The intensive developments of the 1920s were crowned by the huge General National Exhibition (Powszechna Wystawa Krajowa, PWK, PeWuKa) of 1929 that was visited by 4,5 mln people. This was the year that the Great Depression began. Despite the difficult economic situation, the PIF survived and at the end of the interbellum it was one of largest companies of its kind in Europe. During World War II, the company ceased to exist, its infrastructure was confiscated, and turned into a factory of Focke-Wulf, which made the PIF a military target for the Allied air forces. This led to great destruction of its infrastructure in 1945. During the war 85% of the PIF was destroyed, but despite this damage, the first postwar exhibition took place in 1946 and one year later, in 1947, the PIF had already regained its international character. In 1990 the Poznań International Fair transformed into a limited liability company with the State Treasure as one of its shareholders Since then the PIF is continuing to expand and enlarge its exhibition space.

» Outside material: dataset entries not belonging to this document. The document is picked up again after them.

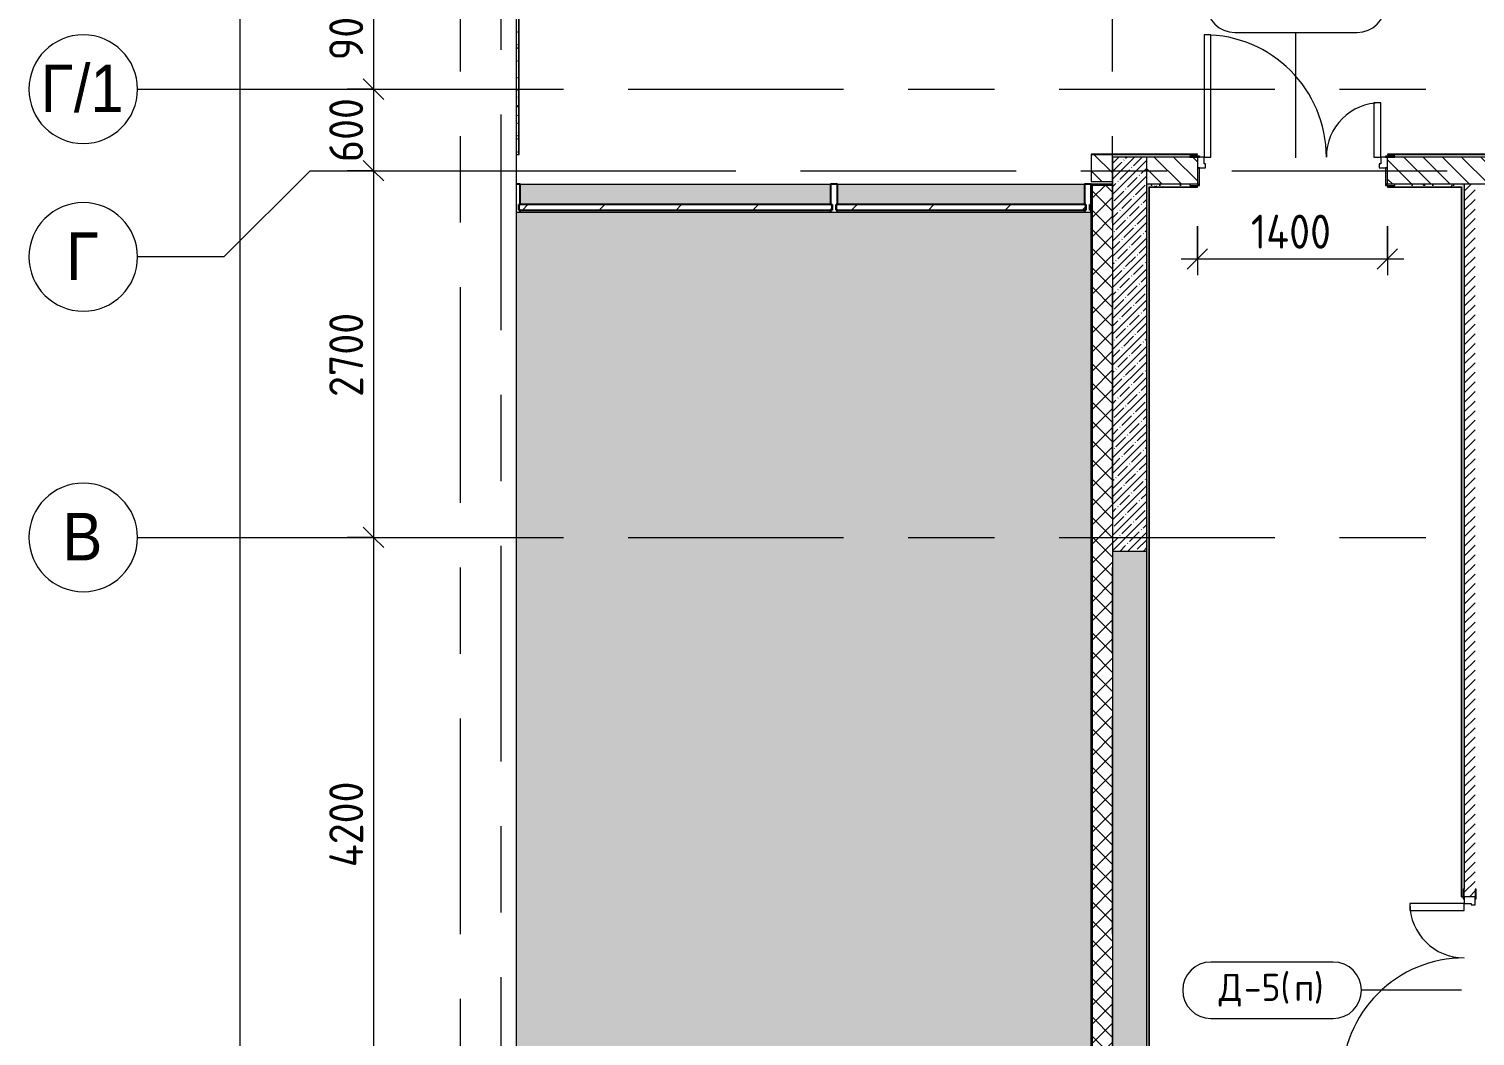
# Model space of a CAD drawing. Header units: millimetres. Extents: x 81382 to 274816, y -8553 to 29000.
# Drawn here: x 81382 to 92030, y 4129 to 11544 of the extents above; entities that cross this region are included whole.
import ezdxf

# ---------------------------------------------------------------- set-up
doc = ezdxf.new("R2010")
doc.units = ezdxf.units.MM
doc.linetypes.add('Осевая', pattern=[3175, 635, -476.25, 1587.5, -476.25])
for name, color, linetype, lineweight in [('A-ANNO-DIMS', 7, 'Continuous', 9), ('A-ANNO-DIMS-100', 7, 'Continuous', 9), ('A-DETL', 7, 'Continuous', 9), ('A-DETL-GENF', 7, 'Continuous', 9), ('A-DOOR-IDEN', 7, 'Continuous', 9), ('A-GLAZ-CURT', 7, 'Continuous', 9), ('A-GLAZ-CURT-1', 7, 'Continuous', 25), ('A-GLAZ-CWMG', 7, 'Continuous', 9), ('A-GLAZ-CWMG-1', 7, 'Continuous', 25), ('A-WALL', 7, 'Continuous', 9), ('I-WALL', 7, 'Continuous', 9), ('Оси', 7, 'Continuous', 9), ('Оси-1', 7, 'Continuous', 20), ('Оси-2', 7, 'Осевая', 9)]:
    doc.layers.add(name, color=color, linetype=linetype, lineweight=lineweight)
for name, color, linetype, lineweight, true_color in [('A-DETL-GENF-1', 7, 'Continuous', 9, 0xd4d4d4), ('A-DOOR-1', 1, 'Continuous', 9, 0xff0000), ('A-DOOR-2', 1, 'Continuous', 13, 0xff0000), ('A-DOOR-FRAM-1', 1, 'Continuous', 13, 0xff0000), ('A-WALL-1', 7, 'Continuous', 9, 0x3c3c3c), ('A-WALL-FNSH-1', 7, 'Continuous', 9, 0x3c3c3c)]:
    doc.layers.add(name, color=color, linetype=linetype, lineweight=lineweight, true_color=true_color)
doc.styles.add('Arial', font='arial.ttf', dxfattribs={"width": 0.9, "height": 350})
doc.styles.add('GOST Common_1', font='GOST_Common.ttf', dxfattribs={"height": 200})
doc.styles.add('ISOCPEUR', font='isocpeur.ttf', dxfattribs={"width": 0.9, "height": 250})
doc.dimstyles.new('ISO-2_5_0_9К_БОЛЬШОЙ', dxfattribs={"dimscale": 304.8, "dimtxt": 248.995294, "dimasz": 0.492126, "dimexe": 0.393701, "dimexo": 0.984252, "dimgap": 0, "dimtad": 1, "dimdec": 0, "dimrnd": 10, "dimzin": 0, "dimdsep": 46, "dimtxsty": 'ISOCPEUR', "dimblk1": 'OBLIQUE', "dimblk2": 'OBLIQUE', "dimsah": 1, "dimcen": 0.09, "dimdle": 0.393701, "dimazin": 0, "dimtfac": 1, "dimtdec": 4, "dimtix": 1, "dimtmove": 0, "dimatfit": 3, "dimfxl": 1, "dimtvp": 1, "dimtolj": 1, "dimtzin": 0, "dimarcsym": 2})
pattern_1 = [(135, (0, 0), (-70.71068, -70.71068), [])]
pattern_2 = [(45, (0, 0), (-57.024626, 57.024626), []), (45, (57.025, 0), (-57.024626, 57.024626), [100.806, -20.161, 3.353, -16.808])]
pattern_3 = [(0, (0, 0), (121.92, 30.48), [10.058, -81.382, 10.058, -81.382, -487.68]), (0, (0, 0), (121.92, 30.48), [-182.88, 10.058, -172.822, 10.058, -81.382, -213.36]), (0, (0, 0), (121.92, 30.48), [-457.2, 10.058, -50.902, 10.058, -142.342]), (120, (45.72, 15.24), (-87.356454, 90.345817), [10.058, -81.382, 10.058, -81.382, -487.68]), (120, (45.72, 15.24), (-87.356454, 90.345817), [-182.88, 10.058, -172.822, 10.058, -81.382, -213.36]), (120, (45.72, 15.24), (-87.356454, 90.345817), [-457.2, 10.058, -50.902, 10.058, -142.342]), (240, (60.96, 76.2), (-34.563546, -120.825817), [10.058, -81.382, 10.058, -81.382, -487.68]), (240, (60.96, 76.2), (-34.563546, -120.825817), [-182.88, 10.058, -172.822, 10.058, -81.382, -213.36]), (240, (60.96, 76.2), (-34.563546, -120.825817), [-457.2, 10.058, -50.902, 10.058, -142.342])]

# ---------------------------------------------------------------- blocks, each defined once
blk = doc.blocks.new('110_Дверь_СКБ_2Ст - Д-5_п_ Из игровой в коридор-32215844-План заполнения дверных проемов 3 этажа в осях 23-33')
at = {"layer": 'A-DOOR-1'}
for centre, radius, start, end in [((-638, 40), 900, 0, 90), ((662, 40), 400, 90, 180)]:
    blk.add_arc(centre, radius, start, end, dxfattribs=at)
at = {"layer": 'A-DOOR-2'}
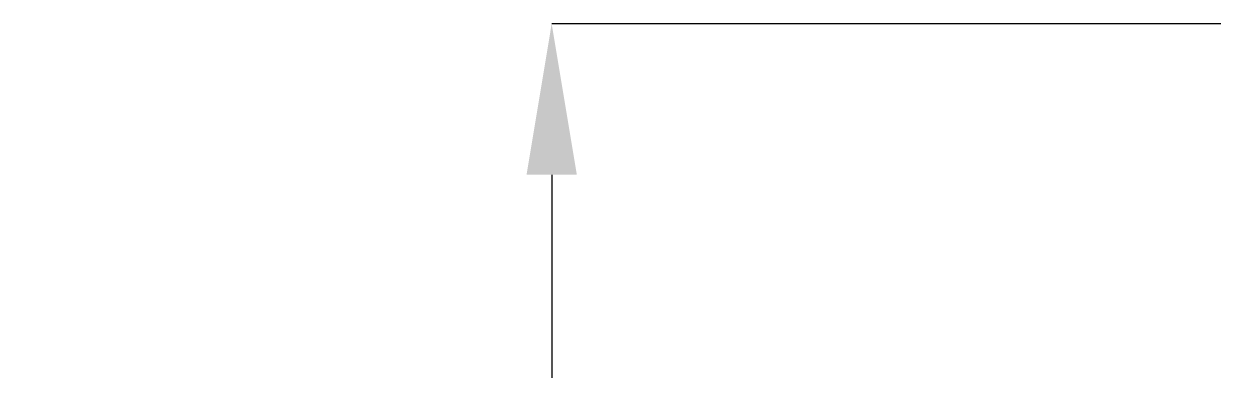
# Model space of a CAD drawing. Extents: x 0 to 1128, y 0 to 827.
# Drawn here: x 423.65 to 455.18, y 558.26 to 567.41 of the extents above; entities that cross this region are included whole.
import ezdxf

# ---------------------------------------------------------------- set-up
doc = ezdxf.new("R2010")
doc.units = 0
doc.header["$LTSCALE"] = 10
doc.header["$MEASUREMENT"] = 0
doc.header["$PDMODE"] = 3
doc.header["$PDSIZE"] = -10
doc.layers.get('0').update_dxf_attribs({"linetype": 'CONTINUOUS'})
doc.layers.get('DEFPOINTS').update_dxf_attribs({"linetype": 'CONTINUOUS'})
doc.styles.add('Daelim Dimension', font='')
doc.styles.get('Daelim Dimension').set_extended_font_data('나눔고딕')
doc.dimstyles.new('DEFAULT', dxfattribs={"dimscale": 2, "dimtxt": 2, "dimasz": 2, "dimexe": 0, "dimexo": 2, "dimgap": 1, "dimtad": 1, "dimdec": 0, "dimzin": 9, "dimdsep": 46, "dimtxsty": 'Daelim Dimension', "dimcen": 0.5, "dimclrd": 5, "dimclre": 5, "dimclrt": 256, "dimadec": 1, "dimazin": 0, "dimtfac": 1, "dimtdec": 0, "dimtix": 1, "dimtmove": 0, "dimatfit": 3, "dimfxl": 1, "dimtolj": 1, "dimtzin": 1, "dimlwd": 9, "dimlwe": 9, "dimarcsym": 0})

# ---------------------------------------------------------------- blocks, each defined once
blk = doc.blocks.new('*D3')
at = {"color": 5, "lineweight": 9, "ltscale": 0.5, "transparency": 16777216}
for p, q in [((479.822, 567.413), (437.655, 567.413)), ((437.655, 563.413), (437.655, 342.467)), ((689.62, 338.467), (437.655, 338.467))]:
    blk.add_line(p, q, dxfattribs=at)
at = {"color": 5, "ltscale": 0.5, "transparency": 16777216}
for points in [[(436.989, 563.413), (438.322, 563.413), (437.655, 567.413)], [(436.989, 342.467), (438.322, 342.467), (437.655, 338.467)]]:
    blk.add_solid(points, dxfattribs=at)
at = {"layer": 'DEFPOINTS', "color": 0, "ltscale": 0.5, "transparency": 16777216}
for p in [(483.822, 567.413), (437.655, 338.467), (693.62, 338.467)]:
    blk.add_point(p, dxfattribs=at)
at = {"color": 7, "ltscale": 0.5, "transparency": 16777216, "insert": (430.212, 452.94), "char_height": 10, "attachment_point": 5, "rotation": 90, "style": 'Daelim Dimension'}
blk.add_mtext('\\A1;229', dxfattribs=at)

msp = doc.modelspace()

# ---------------------------------------------------------------- dimensions: what is measured, and where the dimension line sits
at = {"color": 5, "ltscale": 0.5}
dim = msp.add_linear_dim(base=(437.655, 338.467), p1=(483.822, 567.413), p2=(693.62, 338.467), angle=90, dimstyle='DEFAULT', override={"dimtxt": 5, "dimdec": 0, "dimclrd": 5, "dimclre": 5, "dimclrt": 7}, dxfattribs=at)
dim.commit()
dim.dimension.update_dxf_attribs({"geometry": '*D3', "text_midpoint": (437.655, 452.94), "dimtype": 128})

doc.saveas('drawing.dxf')
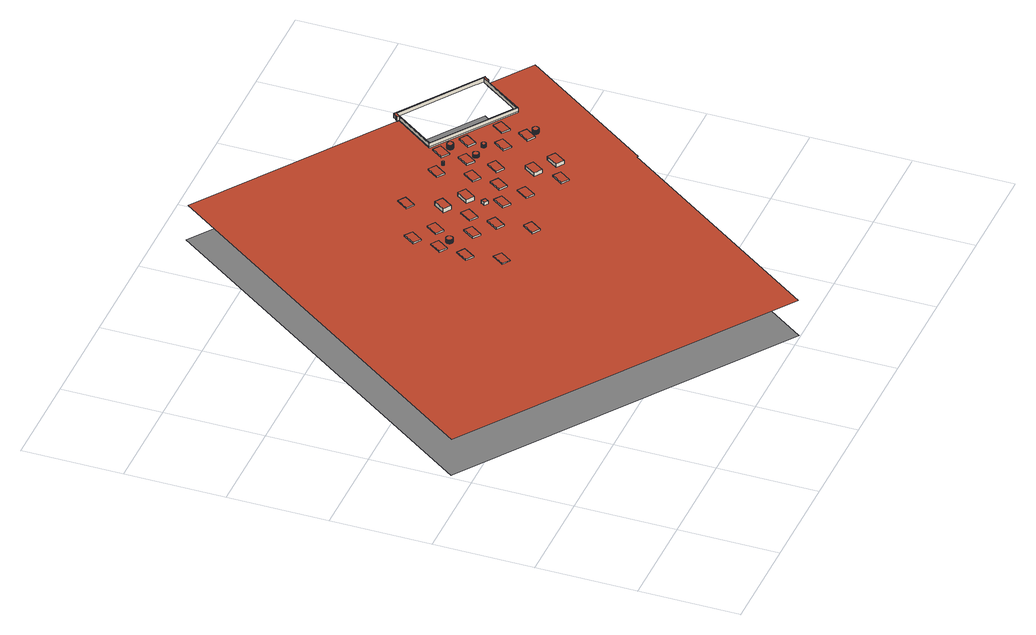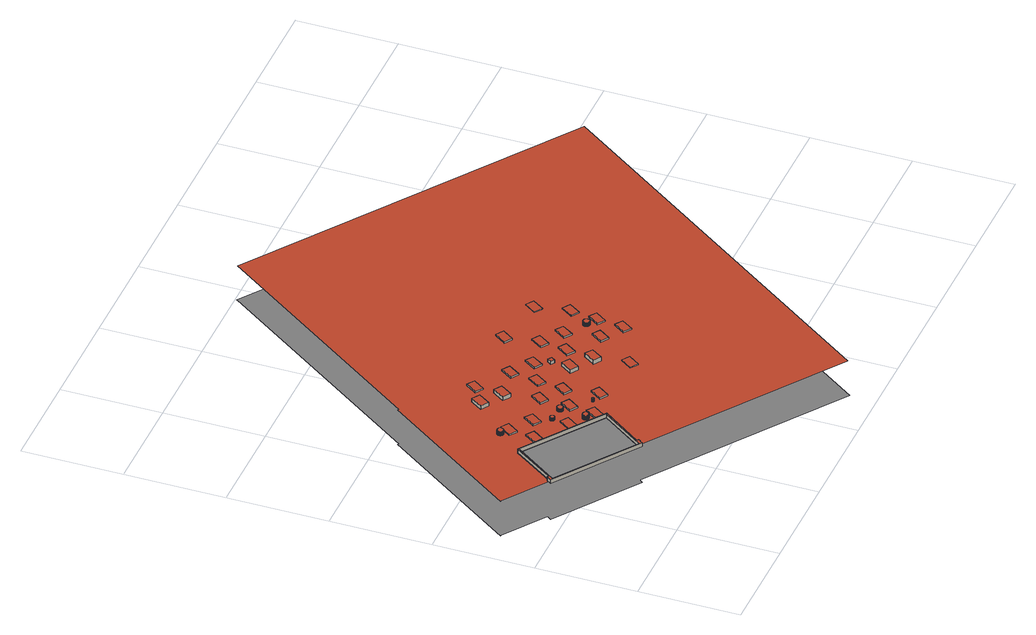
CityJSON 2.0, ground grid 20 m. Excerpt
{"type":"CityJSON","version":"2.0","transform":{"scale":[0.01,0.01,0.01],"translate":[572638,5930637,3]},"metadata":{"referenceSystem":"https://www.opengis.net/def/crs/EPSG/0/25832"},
"CityObjects":{
"building1":{"type":"Building","attributes":{"Grundfläche 2D":"6602.493035","Grundhöhe NN":"3.817"},"children":["building1-1","building1-2","building1-3","building1-4","building1-5","building1-6","building1-7","building1-8","building1-9","building1-10","building1-11","building1-12","building1-13","building1-14","building1-15","building1-16","building1-17","building1-18","building1-19","building1-20","building1-21","building1-22","building1-23","building1-24","building1-25","building1-26","building1-27","building1-28","building1-29","building1-30","building1-31","building1-32","building1-33","building1-34","building1-35","building1-36"],"geometry":[{"type":"MultiSurface","lod":"3","boundaries":[[[0,1,2,3,4,5,6,7,8,9,10,11,12,13,14]],[[15,16,17,18,19,20,21,22,23,24,25,26,27,28,29]],[[30,21,20,31]]],"semantics":{"surfaces":[{"type":"GroundSurface"},{"type":"RoofSurface"},{"type":"WallSurface"}],"values":[0,1,2]}}]},
"building1-1":{"type":"BuildingInstallation","parents":["building1"],"geometry":[{"type":"MultiSurface","lod":"3","boundaries":[[[32,33,34,35]],[[35,34,36,37]],[[32,35,37,38]],[[33,32,38,39]],[[34,33,39,36]]],"semantics":{"surfaces":[{"type":"RoofSurface"},{"type":"WallSurface"}],"values":[0,1,1,1,1]}}]},
"building1-2":{"type":"BuildingInstallation","parents":["building1"],"geometry":[{"type":"MultiSurface","lod":"3","boundaries":[[[40,41,42,43]],[[43,42,44,45]],[[40,43,45,46]],[[41,40,46,47]],[[42,41,47,44]]],"semantics":{"surfaces":[{"type":"RoofSurface"},{"type":"WallSurface"}],"values":[0,1,1,1,1]}}]},
"building1-3":{"type":"BuildingInstallation","parents":["building1"],"geometry":[{"type":"MultiSurface","lod":"3","boundaries":[[[48,49,50,51]],[[51,50,52,53]],[[48,51,53,54]],[[49,48,54,55]],[[50,49,55,52]]],"semantics":{"surfaces":[{"type":"RoofSurface"},{"type":"WallSurface"}],"values":[0,1,1,1,1]}}]},
"building1-4":{"type":"BuildingInstallation","parents":["building1"],"geometry":[{"type":"MultiSurface","lod":"3","boundaries":[[[56,57,58,59,60,61,62,63,64,65,66,67,68,69,70,71,72,73,74,75,76,77,78,79,80,81,82,83,84,85,86,87,88,89,90,91,92,93,94,95,96,97,98,99,100,101,102,103]],[[60,59,104,105]],[[61,60,105,106]],[[56,103,107,108]],[[57,56,108,109]],[[58,57,109,110]],[[59,58,110,104]],[[62,61,106,111]],[[63,62,111,112]],[[64,63,112,113]],[[65,64,113,114]],[[66,65,114,115]],[[67,66,115,116]],[[68,67,116,117]],[[69,68,117,118]],[[70,69,118,119]],[[71,70,119,120]],[[72,71,120,121]],[[73,72,121,122]],[[74,73,122,123]],[[75,74,123,124]],[[76,75,124,125]],[[77,76,125,126]],[[78,77,126,127]],[[79,78,127,128]],[[80,79,128,129]],[[81,80,129,130]],[[82,81,130,131]],[[83,82,131,132]],[[84,83,132,133]],[[85,84,133,134]],[[86,85,134,135]],[[87,86,135,136]],[[88,87,136,137]],[[89,88,137,138]],[[90,89,138,139]],[[91,90,139,140]],[[92,91,140,141]],[[93,92,141,142]],[[94,93,142,143]],[[95,94,143,144]],[[96,95,144,145]],[[97,96,145,146]],[[98,97,146,147]],[[99,98,147,148]],[[100,99,148,149]],[[101,100,149,150]],[[102,101,150,151]],[[103,102,151,107]]],"semantics":{"surfaces":[{"type":"RoofSurface"},{"type":"WallSurface"}],"values":[0,1,1,1,1,1,1,1,1,1,1,1,1,1,1,1,1,1,1,1,1,1,1,1,1,1,1,1,1,1,1,1,1,1,1,1,1,1,1,1,1,1,1,1,1,1,1,1,1]}}]},
"building1-5":{"type":"BuildingInstallation","parents":["building1"],"geometry":[{"type":"MultiSurface","lod":"3","boundaries":[[[152,153,154,155]],[[155,154,156,157]],[[157,158,152,155]],[[158,159,153,152]],[[154,153,159,156]]],"semantics":{"surfaces":[{"type":"RoofSurface"},{"type":"WallSurface"}],"values":[0,1,1,1,1]}}]},
"building1-6":{"type":"BuildingInstallation","parents":["building1"],"geometry":[{"type":"MultiSurface","lod":"3","boundaries":[[[160,161,162,163]],[[163,162,164,165]],[[160,163,165,166]],[[161,160,166,167]],[[162,161,167,164]]],"semantics":{"surfaces":[{"type":"RoofSurface"},{"type":"WallSurface"}],"values":[0,1,1,1,1]}}]},
"building1-7":{"type":"BuildingInstallation","parents":["building1"],"geometry":[{"type":"MultiSurface","lod":"3","boundaries":[[[168,169,170,171]],[[171,170,172,173]],[[168,171,173,174]],[[169,168,174,175]],[[170,169,175,172]]],"semantics":{"surfaces":[{"type":"RoofSurface"},{"type":"WallSurface"}],"values":[0,1,1,1,1]}}]},
"building1-8":{"type":"BuildingInstallation","parents":["building1"],"geometry":[{"type":"MultiSurface","lod":"3","boundaries":[[[176,177,178,179]],[[179,178,180,181]],[[176,179,181,182]],[[177,176,182,183]],[[178,177,183,180]]],"semantics":{"surfaces":[{"type":"RoofSurface"},{"type":"WallSurface"}],"values":[0,1,1,1,1]}}]},
"building1-9":{"type":"BuildingInstallation","parents":["building1"],"geometry":[{"type":"MultiSurface","lod":"3","boundaries":[[[184,185,186,187]],[[188,189,187,186]],[[184,187,189,190]],[[185,184,190,191]],[[186,185,191,188]]],"semantics":{"surfaces":[{"type":"RoofSurface"},{"type":"WallSurface"}],"values":[0,1,1,1,1]}}]},
"building1-10":{"type":"BuildingInstallation","parents":["building1"],"geometry":[{"type":"MultiSurface","lod":"3","boundaries":[[[192,193,194,195]],[[195,194,196,197]],[[192,195,197,198]],[[193,192,198,199]],[[194,193,199,196]]],"semantics":{"surfaces":[{"type":"RoofSurface"},{"type":"WallSurface"}],"values":[0,1,1,1,1]}}]},
"building1-11":{"type":"BuildingInstallation","parents":["building1"],"geometry":[{"type":"MultiSurface","lod":"3","boundaries":[[[200,201,202,203]],[[203,202,204,205]],[[200,203,205,206]],[[201,200,206,207]],[[202,201,207,204]]],"semantics":{"surfaces":[{"type":"RoofSurface"},{"type":"WallSurface"}],"values":[0,1,1,1,1]}}]},
"building1-12":{"type":"BuildingInstallation","parents":["building1"],"geometry":[{"type":"MultiSurface","lod":"3","boundaries":[[[208,209,210,211]],[[211,210,212,213]],[[208,211,213,214]],[[209,208,214,215]],[[210,209,215,212]]],"semantics":{"surfaces":[{"type":"RoofSurface"},{"type":"WallSurface"}],"values":[0,1,1,1,1]}}]},
"building1-13":{"type":"BuildingInstallation","parents":["building1"],"geometry":[{"type":"MultiSurface","lod":"3","boundaries":[[[216,217,218,219]],[[219,218,220,221]],[[216,219,221,222]],[[217,216,222,223]],[[218,217,223,220]]],"semantics":{"surfaces":[{"type":"RoofSurface"},{"type":"WallSurface"}],"values":[0,1,1,1,1]}}]},
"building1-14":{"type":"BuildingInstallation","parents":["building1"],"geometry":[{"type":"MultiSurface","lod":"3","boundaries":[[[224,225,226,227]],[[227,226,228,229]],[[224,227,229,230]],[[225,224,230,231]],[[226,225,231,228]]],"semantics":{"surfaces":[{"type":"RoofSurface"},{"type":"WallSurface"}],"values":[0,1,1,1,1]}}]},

==Poznań International Fair today==
Today the PIF is the largest trade fair organizer in Poland (by over 50% of total exhibition area and over 60% of exhibitors). It is the 21st largest fair in the world, with about 50 trade events taking place on its area every year. Area of PIF is over 110,000 m2 indoor and 35,000 m2 outdoor exhibition space. PIF a is state-owned company – 60% of shares belong to Polish State Treasury, and 40% to the City of Poznań. MTP organises expositions of Polish leaders at over 50 renowned trade shows and exhibitions abroad in such countries as: Germany, Russia, Ukraine, Georgia, Czech Republic, Croatia, Bulgaria, Romania, Uzbekistan, Kazakhstan and Azerbaijan.

MTP has foreign representative offices all over the world. The World Expo Company is an official representative office of MTP Group in Ukraine and works on such exhibitions as Budma and other. Every year, MTP organises over 1,600 congresses, conferences and workshops and hosts about 100,000 participants at these events.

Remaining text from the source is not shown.